(Records from a data collection)
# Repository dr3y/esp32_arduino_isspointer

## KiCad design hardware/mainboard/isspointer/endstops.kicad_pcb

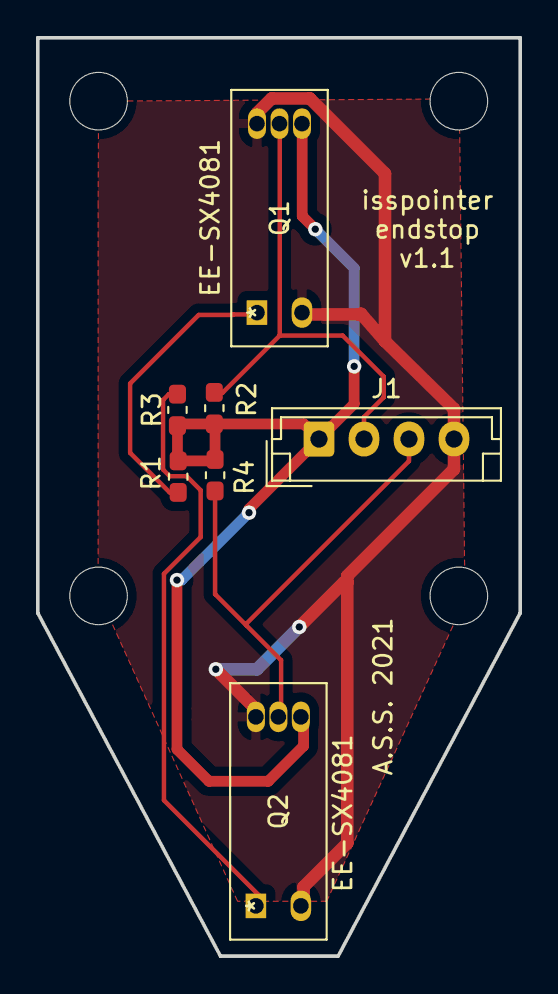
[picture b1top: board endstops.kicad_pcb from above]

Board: 2 copper layers, 26.8 x 51.0 mm, 7 parts (0 on the bottom side), 6 nets.

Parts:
J1: Conn_01x04_Female; JST_EH_B4B-EH-A_1x04_P2.50mm_Vertical
Q1, Q2: EE-SX4081
R1, R3: 330(5%); R_0603_1608Metric_Pad1.05x0.95mm_HandSolder
R2, R4: 4.7K(5%); R_0603_1608Metric_Pad1.05x0.95mm_HandSolder

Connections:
+5V: J1.1, Q1.3, Q2.3, R1.1, R2.1, R3.1, R4.1
/END_V1: J1.2, Q1.4, R2.2
/END_V2: J1.3, Q2.4, R4.2
GND: J1.4, Q1.2, Q1.5, Q2.2, Q2.5
unnamed: Q1.1, R1.2
unnamed: Q2.1, R3.2

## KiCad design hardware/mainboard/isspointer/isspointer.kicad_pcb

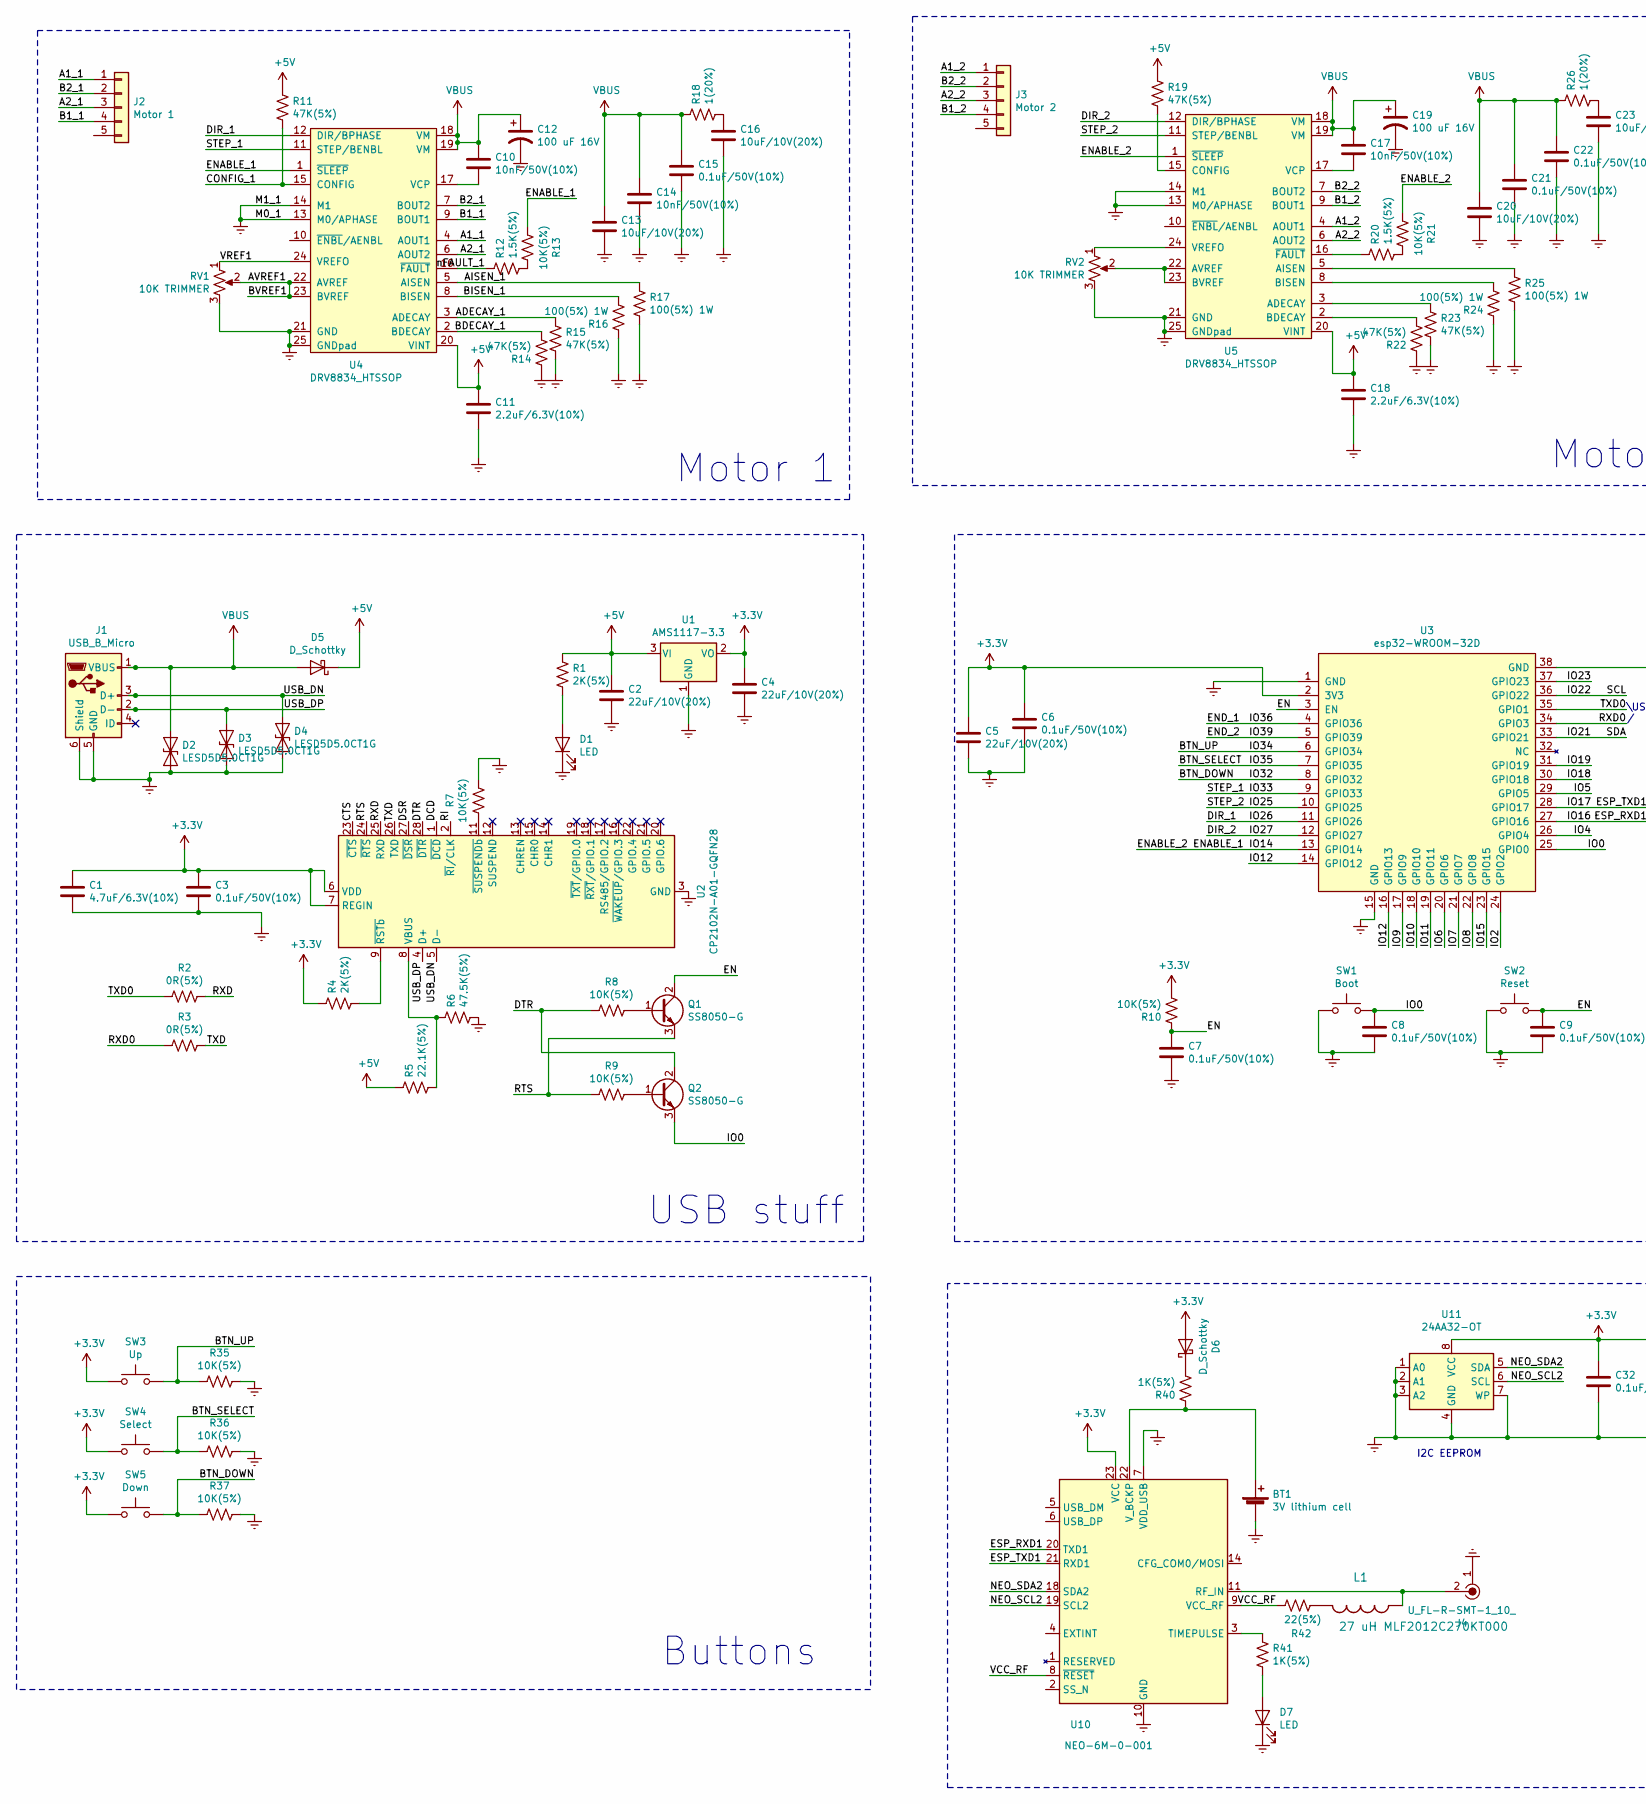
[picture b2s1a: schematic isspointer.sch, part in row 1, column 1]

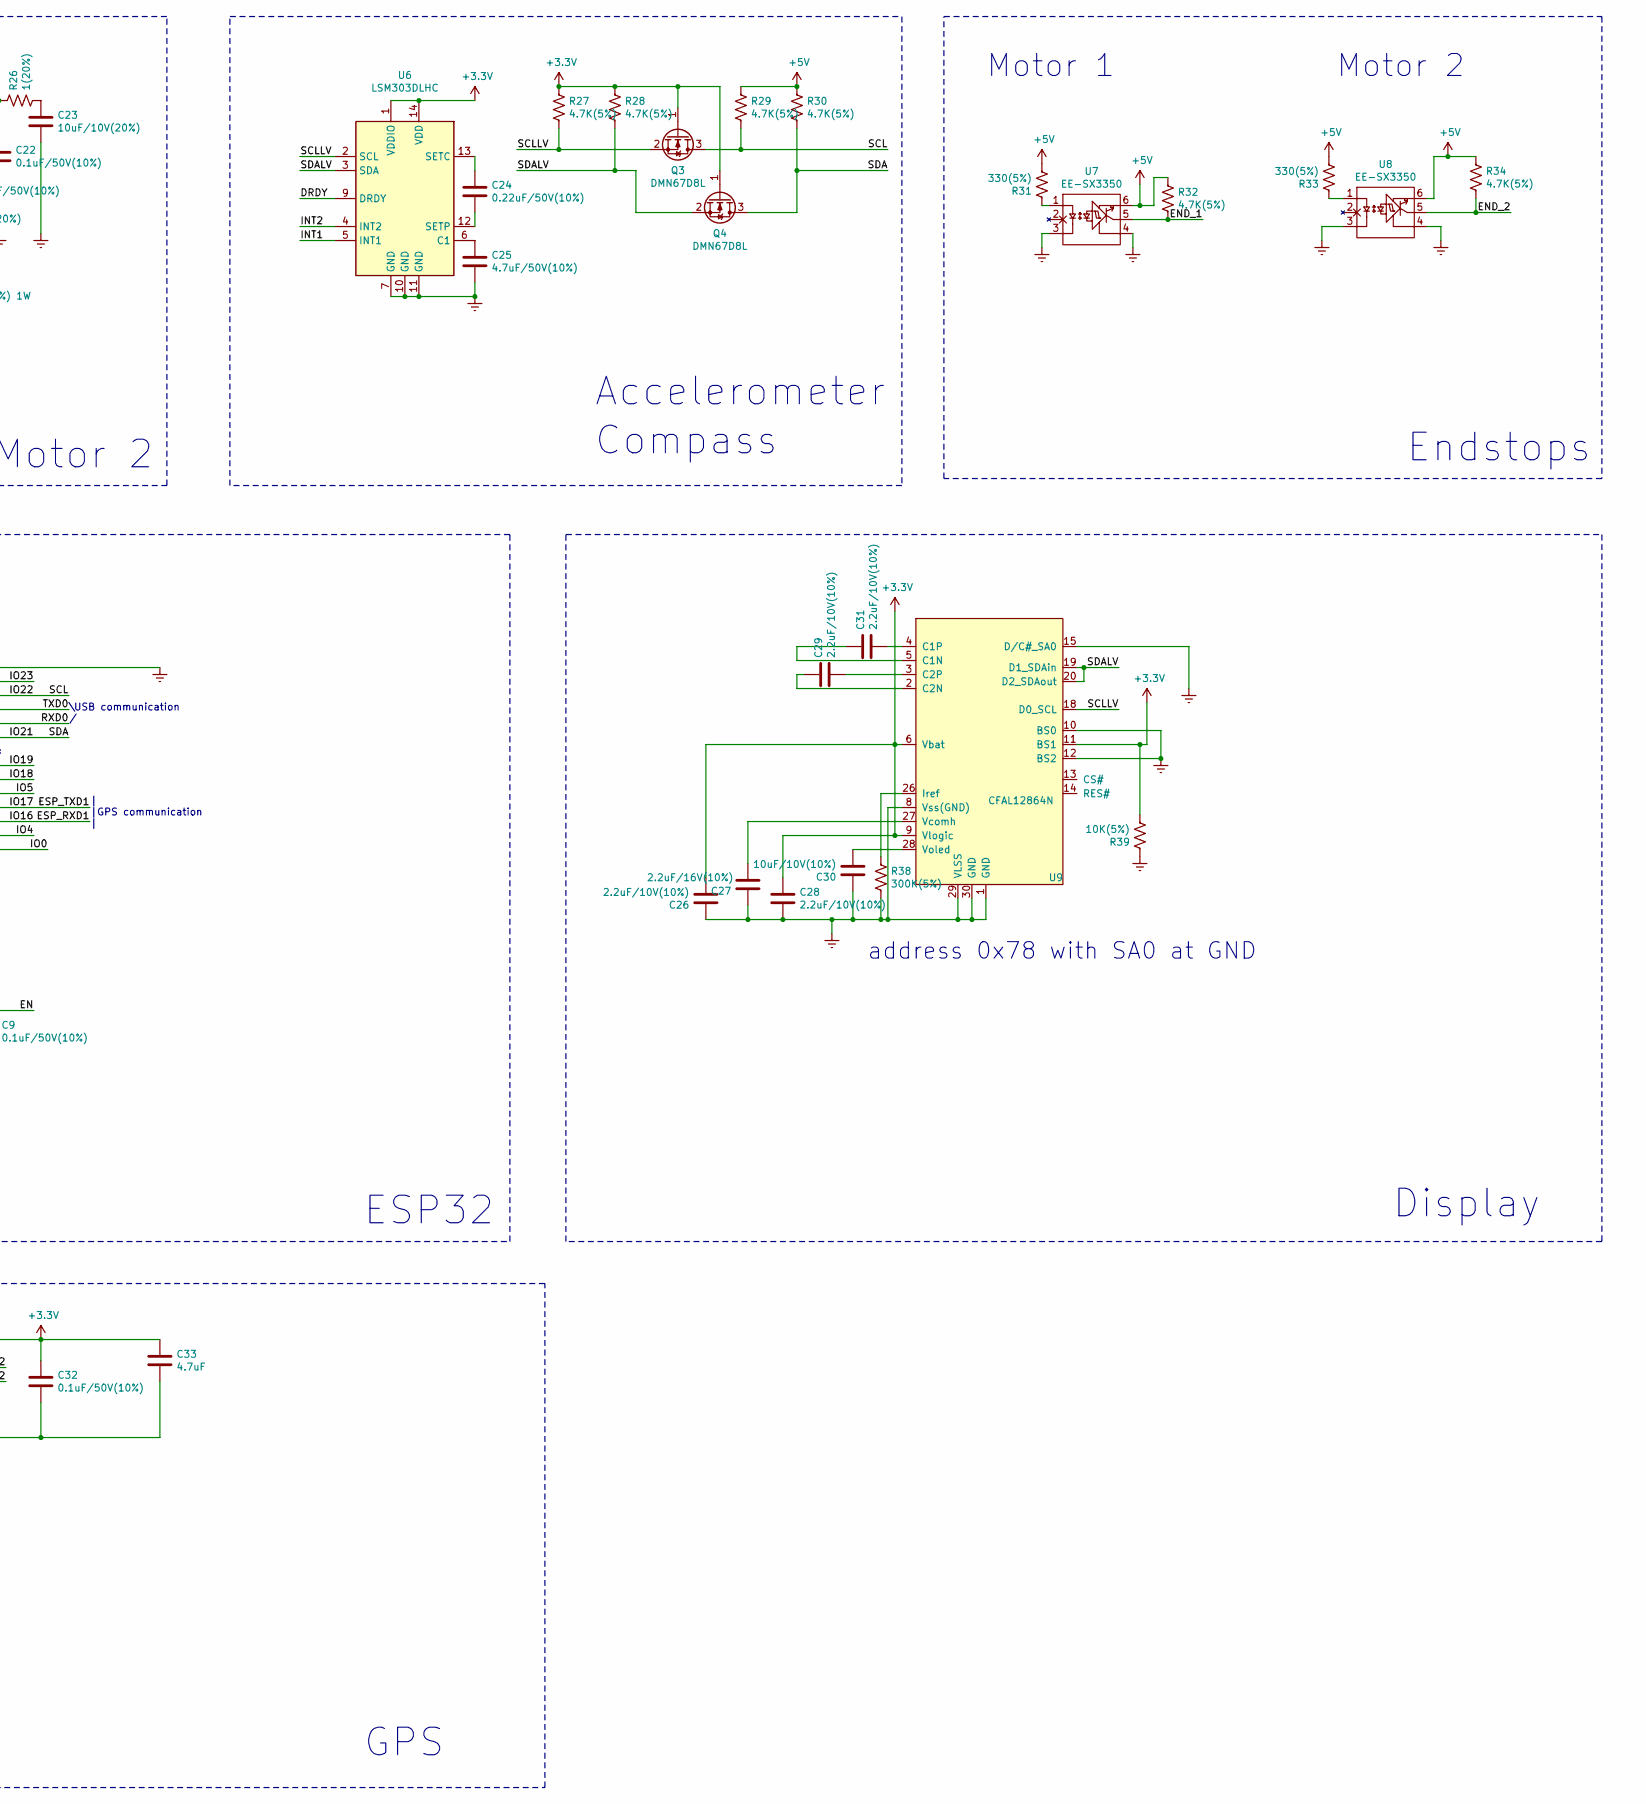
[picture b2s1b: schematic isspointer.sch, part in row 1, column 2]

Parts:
BT1: 3V lithium cell; MS412FE_FL26E
C1: 4.7uF/6.3V(10%); C_0603_1608Metric_Pad1.05x0.95mm_HandSolder
C2, C4, C5: 22uF/10V(20%); C_1206_3216Metric_Pad1.42x1.75mm_HandSolder
C3, C6, C7, C8, C9, C15, C21, C22, C32: 0.1uF/50V(10%); C_0603_1608Metric_Pad1.05x0.95mm_HandSolder
C10, C14, C17: 10nF/50V(10%); C_0402_1005Metric
C11, C18: 2.2uF/6.3V(10%); C_0402_1005Metric
C12, C19: 100 uF 16V; CP_Elec_6.3x4.9
C13, C16, C23: 10uF/10V(20%); C_0603_1608Metric_Pad1.05x0.95mm_HandSolder
C20: 10uF/10V(20%); C_0402_1005Metric
C24: 0.22uF/50V(10%); C_0603_1608Metric_Pad1.05x0.95mm_HandSolder
C25: 4.7uF/50V(10%); C_0603_1608Metric_Pad1.05x0.95mm_HandSolder
C26, C28, C29, C31: 2.2uF/10V(10%); C_0603_1608Metric_Pad1.05x0.95mm_HandSolder
C27: 2.2uF/16V(10%); C_0603_1608Metric_Pad1.05x0.95mm_HandSolder
C30: 10uF/10V(10%); C_0603_1608Metric_Pad1.05x0.95mm_HandSolder
C33: 4.7uF; C_0603_1608Metric_Pad1.05x0.95mm_HandSolder
D1, D7: LED; D_0603_1608Metric
D2, D3, D4: LESD5D5.0CT1G; D_SOD-523
D5, D6: D_Schottky; D_SOD-323_HandSoldering
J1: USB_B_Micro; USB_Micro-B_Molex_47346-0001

# TRY IT
From the records above, return exactly the lines running from the one that contains "KiCad design hardware/mainboard/isspointer/isspointer.kicad_pcb" down to the one that contains "[picture b2s1b: schematic", both included, without any pictures.

# RESPONSE AREA
## KiCad design hardware/mainboard/isspointer/isspointer.kicad_pcb

[picture b2s1a: schematic isspointer.sch, part in row 1, column 1]

[picture b2s1b: schematic isspointer.sch, part in row 1, column 2]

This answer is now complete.